As described above, according to the present invention, the first circuit having the signal input section and the second circuit having the signal output section are housed in separate packages and separately provided. In the device that supplies power, the enable of the signal output unit is canceled when the hold time of the circuit inserted later elapses. Therefore, it is possible to prevent uncertain data transmission due to chattering when the package is inserted. Therefore, it is possible to prevent malfunction in the lower device.

Further, in this case, since the signal input section detects the break of the input optical signal and generates the optical input break detection signal, the signal output to the lower device is prohibited. It is possible to prevent the transmission of uncertain data to the lower device due to the interruption of the input optical signal from the upper device.

[Brief description of drawings]

FIG. 1 is a diagram showing a principle configuration of the present invention.

2A and 2B are diagrams showing an embodiment of the present invention, in which FIG. 2A is a diagram showing a circuit configuration, and FIG. 2B is a diagram showing an example of output waveforms when a package is inserted.

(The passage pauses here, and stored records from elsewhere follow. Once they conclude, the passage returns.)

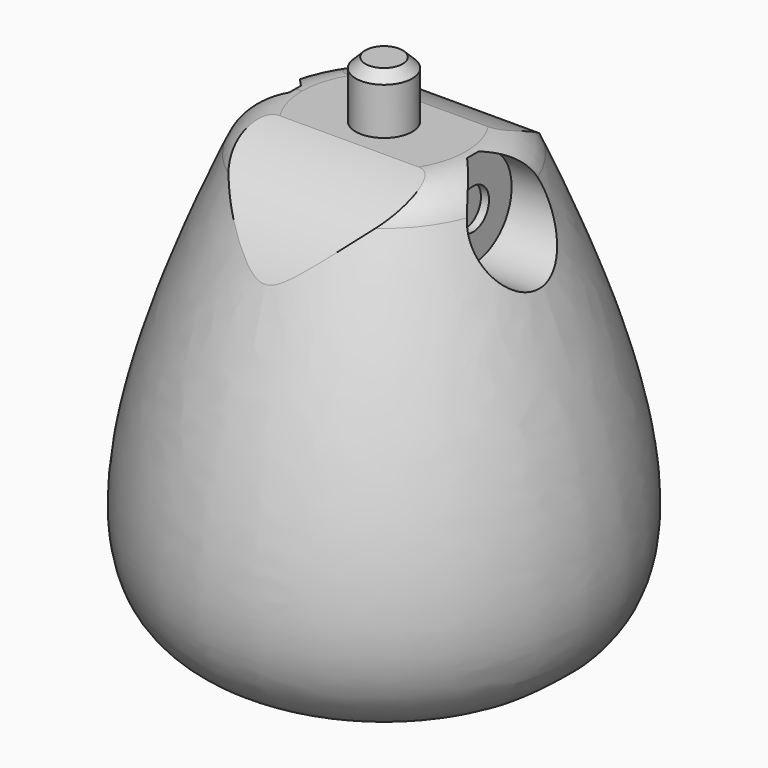
from build123d import *

# Parameters (mm, degrees)
F3_R          = 4
F4_DEPTH      = 3
F5_R          = 1.25
F6_DEPTH      = 2
F7_R          = 1.25
F8_DEPTH      = 2
F10_DEPTH     = 12.5
F11_T4_ANGLE  = 62.5690664244
F11_S5_R      = 10.55
F11_T6_DEPTH  = 7
F11_T10_ANGLE = 125.1442226545
F11_S11_R     = 10.55
F11_T12_DEPTH = 10
F11_T16_ANGLE = 62.5690664244
F11_S17_R     = 10.55
F11_T18_DEPTH = 7
F12_R         = 1.75
F13_DEPTH     = 3.5
F14_SIZE      = 0.6
F15_R         = 1.25
F16_DEPTH     = 3.3534363587
F19_R         = 1.25
F20_DEPTH     = 5
F21_R         = 3
F22_DEPTH     = 4.5
F23_R         = 1.25
F24_DEPTH     = 8
F25_R         = 3
F26_DEPTH     = 4.5


# Not quite as in the source:
# - a fillet or chamfer that OpenCascade refuses, or shapes differently, is made with other operations: its cross-section is extruded or revolved along the edge and cut away or added


with BuildPart() as f2:
    # F1 (on Front) → F2 (revolve)
    with BuildSketch(Plane.XZ):
        with BuildLine():
            Line((0, 29), (-7, 29))
            add(Edge.make_bspline(
                [(0, 0), (-5.317841365, 0), (-8.4305850004, 0.3570766518), (-14.8822587004, 4.4570633142), (-13.316672088, 15.36842657), (-7, 29)],
                knots=[0, 0, 0, 0, 0.2945682266, 0.5047389267, 1, 1, 1, 1], degree=3))
            Line((0, 0), (0, 29))
        make_face()
    revolve(axis=Axis((0, 0, 7.1166679263), (0, 0, -1)))

    # F3 (on Top) → F4 (cut)
    with BuildSketch(Plane.XY):
        with Locations((-7.6, 0)):
            Circle(F3_R)
        with Locations((7.6, 0)):
            Circle(F3_R)
    extrude(amount=F4_DEPTH, mode=Mode.SUBTRACT)

    # F5 (on face) → F6 (cut)
    with BuildSketch(Plane(origin=(0, 0, 3), x_dir=(1, 0, 0), z_dir=(0, 0, -1))):
        with Locations((7.6, 0)):
            Circle(F5_R)
    extrude(amount=-F6_DEPTH, mode=Mode.SUBTRACT)

    # F7 (on face) → F8 (cut)
    with BuildSketch(Plane(origin=(0, 0, 3), x_dir=(1, 0, 0), z_dir=(0, 0, -1))):
        with Locations((-7.6, 0)):
            Circle(F7_R)
    extrude(amount=-F8_DEPTH, mode=Mode.SUBTRACT)

    # F9 (on Right) → F10 (cut, symmetric)
    with BuildSketch(Plane.YZ):
        with BuildLine():
            Line((-10.1144698329, 31.8), (-10.1144698329, 21.8))
            ThreePointArc((-10.1144698329, 21.8), (0, 29.35), (10.1144698329, 21.8))
            Line((10.1144698329, 21.8), (10.1144698329, 31.8))
            Line((10.1144698329, 31.8), (-10.1144698329, 31.8))
        make_face()
    extrude(amount=F10_DEPTH, both=True, mode=Mode.SUBTRACT)

    # F11: fillet of radius 3 on 3 edges, made by hand


with BuildPart() as f11_tool2:
    # F11_s3 → F11_t4 (revolve)
    with BuildSketch(Plane.XZ):
        with BuildLine():
            ThreePointArc((-5.0697196206, 29), (-6.7017587776, 28.5172302616), (-7.8085318567, 27.2242987933))
            Line((-7.8085318567, 27.2242987933), (-7.8633081014, 27.2487847692))
            ThreePointArc((-7.8633081014, 27.2487847692), (-7.4618780859, 28.1383864481), (-7.0544392435, 29.0252263506))
            Line((-7.0544392435, 29.0252263506), (-7, 29.06))
            Line((-7, 29.06), (-5.0697196206, 29.06))
            Line((-5.0697196206, 29.06), (-5.0697196206, 29))
        make_face()
    revolve(axis=Axis((0, 0, 29), (0, 0, -1)), revolution_arc=F11_T4_ANGLE)

    # F11_s5 → F11_t6 (intersect, symmetric)
    with BuildSketch(Plane.YZ.offset(-5.5)):
        with Locations((0, 18.8)):
            Circle(F11_S5_R)
    extrude(amount=F11_T6_DEPTH, both=True, mode=Mode.INTERSECT)


with BuildPart() as f2_1:
    add(f2.part)

    # F11_t1: cut F11_tool2
    add(f11_tool2.part, mode=Mode.SUBTRACT)


with BuildPart() as f11_tool8:
    # F11_s9 → F11_t10 (revolve)
    with BuildSketch(Plane(origin=(0, 0, 0), x_dir=(0, 0, 1), z_dir=(-0.8875912781, 0.4606318736, 0))):
        with BuildLine():
            ThreePointArc((29, 5.0697196206), (28.5172302616, 6.7017587776), (27.2242987933, 7.8085318567))
            Line((27.2242987933, 7.8085318567), (27.2487847692, 7.8633081014))
            ThreePointArc((27.2487847692, 7.8633081014), (28.1383864481, 7.4618780859), (29.0252263506, 7.0544392435))
            Line((29.0252263506, 7.0544392435), (29.06, 7))
            Line((29.06, 7), (29.06, 5.0697196206))
            Line((29.06, 5.0697196206), (29, 5.0697196206))
        make_face()
    revolve(axis=Axis((0, 0, 29), (0, 0, -1)), revolution_arc=F11_T10_ANGLE)

    # F11_s11 → F11_t12 (intersect, symmetric)
    with BuildSketch(Plane.YZ.offset(5.3)):
        with Locations((0, 18.8)):
            Circle(F11_S11_R)
    extrude(amount=F11_T12_DEPTH, both=True, mode=Mode.INTERSECT)


with BuildPart() as f2_2:
    add(f2_1.part)

    # F11_t7: cut F11_tool8
    add(f11_tool8.part, mode=Mode.SUBTRACT)


with BuildPart() as f11_tool14:
    # F11_s15 → F11_t16 (revolve)
    with BuildSketch(Plane(origin=(0, 0, 0), x_dir=(0, 0, 1), z_dir=(0.8875667972, -0.4606790428, 0))):
        with BuildLine():
            ThreePointArc((29, 5.0697196206), (28.5172302616, 6.7017587776), (27.2242987933, 7.8085318567))
            Line((27.2242987933, 7.8085318567), (27.2487847692, 7.8633081014))
            ThreePointArc((27.2487847692, 7.8633081014), (28.1383864481, 7.4618780859), (29.0252263506, 7.0544392435))
            Line((29.0252263506, 7.0544392435), (29.06, 7))
            Line((29.06, 7), (29.06, 5.0697196206))
            Line((29.06, 5.0697196206), (29, 5.0697196206))
        make_face()
    revolve(axis=Axis((0, 0, 29), (0, 0, -1)), revolution_arc=F11_T16_ANGLE)

    # F11_s17 → F11_t18 (intersect, symmetric)
    with BuildSketch(Plane.YZ.offset(-5.5)):
        with Locations((0, 18.8)):
            Circle(F11_S17_R)
    extrude(amount=F11_T18_DEPTH, both=True, mode=Mode.INTERSECT)


with BuildPart() as f2_3:
    add(f2_2.part)

    # F11_t13: cut F11_tool14
    add(f11_tool14.part, mode=Mode.SUBTRACT)

    # F12 (on face) → F13 (join)
    with BuildSketch(Plane.XY.offset(29)):
        Circle(F12_R)
    extrude(amount=F13_DEPTH)

    # F14
    f14_edges = [f2_3.edges().sort_by_distance(p)[0] for p in [
        (-1.75, 0, 32.5),
    ]]
    chamfer(f14_edges, length=F14_SIZE)

    # F15 (on offset) → F16 (cut, through all)
    with BuildSketch(Plane.XZ.offset(-10)):
        with Locations((0, 7)):
            Circle(F15_R)
    extrude(amount=-F16_DEPTH, mode=Mode.SUBTRACT)

    # F19 (on offset) → F20 (cut)
    with BuildSketch(Plane.YZ.offset(10)):
        with Locations((0, 26)):
            Circle(F19_R)
    extrude(amount=-F20_DEPTH, mode=Mode.SUBTRACT)

    # F21 (on offset) → F22 (cut)
    with BuildSketch(Plane.YZ.offset(10)):
        with Locations((0, 26)):
            Circle(F21_R)
    extrude(amount=-F22_DEPTH, mode=Mode.SUBTRACT)

    # F23 (on offset) → F24 (cut)
    with BuildSketch(Plane.YZ.offset(-10)):
        with Locations((0, 26)):
            Circle(F23_R)
    extrude(amount=F24_DEPTH, mode=Mode.SUBTRACT)

    # F25 (on offset) → F26 (cut)
    with BuildSketch(Plane.YZ.offset(-10)):
        with Locations((0, 26)):
            Circle(F25_R)
    extrude(amount=F26_DEPTH, mode=Mode.SUBTRACT)


solid = f2_3.part

FIG. 3 is a diagram showing a flow of a power supply monitoring type control system, in which (a) shows a case where a signal transmission unit is inserted first,
(B) shows the case where the signal receiving unit is inserted first.

4A and 4B are diagrams showing a conventional output circuit enable control system, in which FIG. 4A is a diagram showing a circuit configuration and FIG. 4B is a diagram showing an example of output waveforms when a package is inserted;

FIG. 5 is a diagram showing a flow of a mounting information type control method, in which (a) shows a case where a signal transmission unit is inserted first,
(B) shows the case where the signal receiving unit is inserted first.

[Explanation of symbols]

 DESCRIPTION OF SYMBOLS 1 signal input part 2 1st circuit 3 signal output part 4 2nd circuit 5 power supply monitoring circuit 6 power supply monitoring circuit 7 enable control part 11 signal output buffer 13 optical signal light receiving circuit

Claims (3)

[Claims] 1. A first circuit (2) having a signal input section (1) for receiving an input signal for performing related processing on the same signal, and a signal output section (3) for generating an output signal. A second circuit (4) provided with a power source and a second circuit (4) are housed in separate packages, and power is supplied separately by inserting each package into a predetermined position. The circuit (2, 4) is provided with a power supply monitoring circuit (5, 6) that generates an output when a predetermined hold time has elapsed after power is turned on, and the output of the both power supply monitoring circuits (5, 6) An enable control unit (7) for enabling the signal output unit (3) in the second circuit (4) is provided, and after the insertion of the first and second circuits (2, 4), When the hold time has elapsed, the signal output unit (3 ) Generates an output signal, the enable control method of the output circuit. 2. An optical signal receiving circuit (1) in which the signal input section (1) converts an input optical signal from a host device into an electrical signal.
3. The enable control method of the output circuit according to claim 1, wherein the signal output unit (3) comprises a signal output buffer (11) for generating an output signal to a lower device according to the electric signal. . 3. The signal input section (1) has a function of detecting a disconnection of an input optical signal from a higher-level device and outputting an optical input disconnection detection signal, and the enable control section (7) has the dual power sources. The enable control system of the output circuit according to claim 2, wherein the signal output section (3) is made operable by the output of the monitoring circuit (5, 6) and the generation of the optical input break detection signal.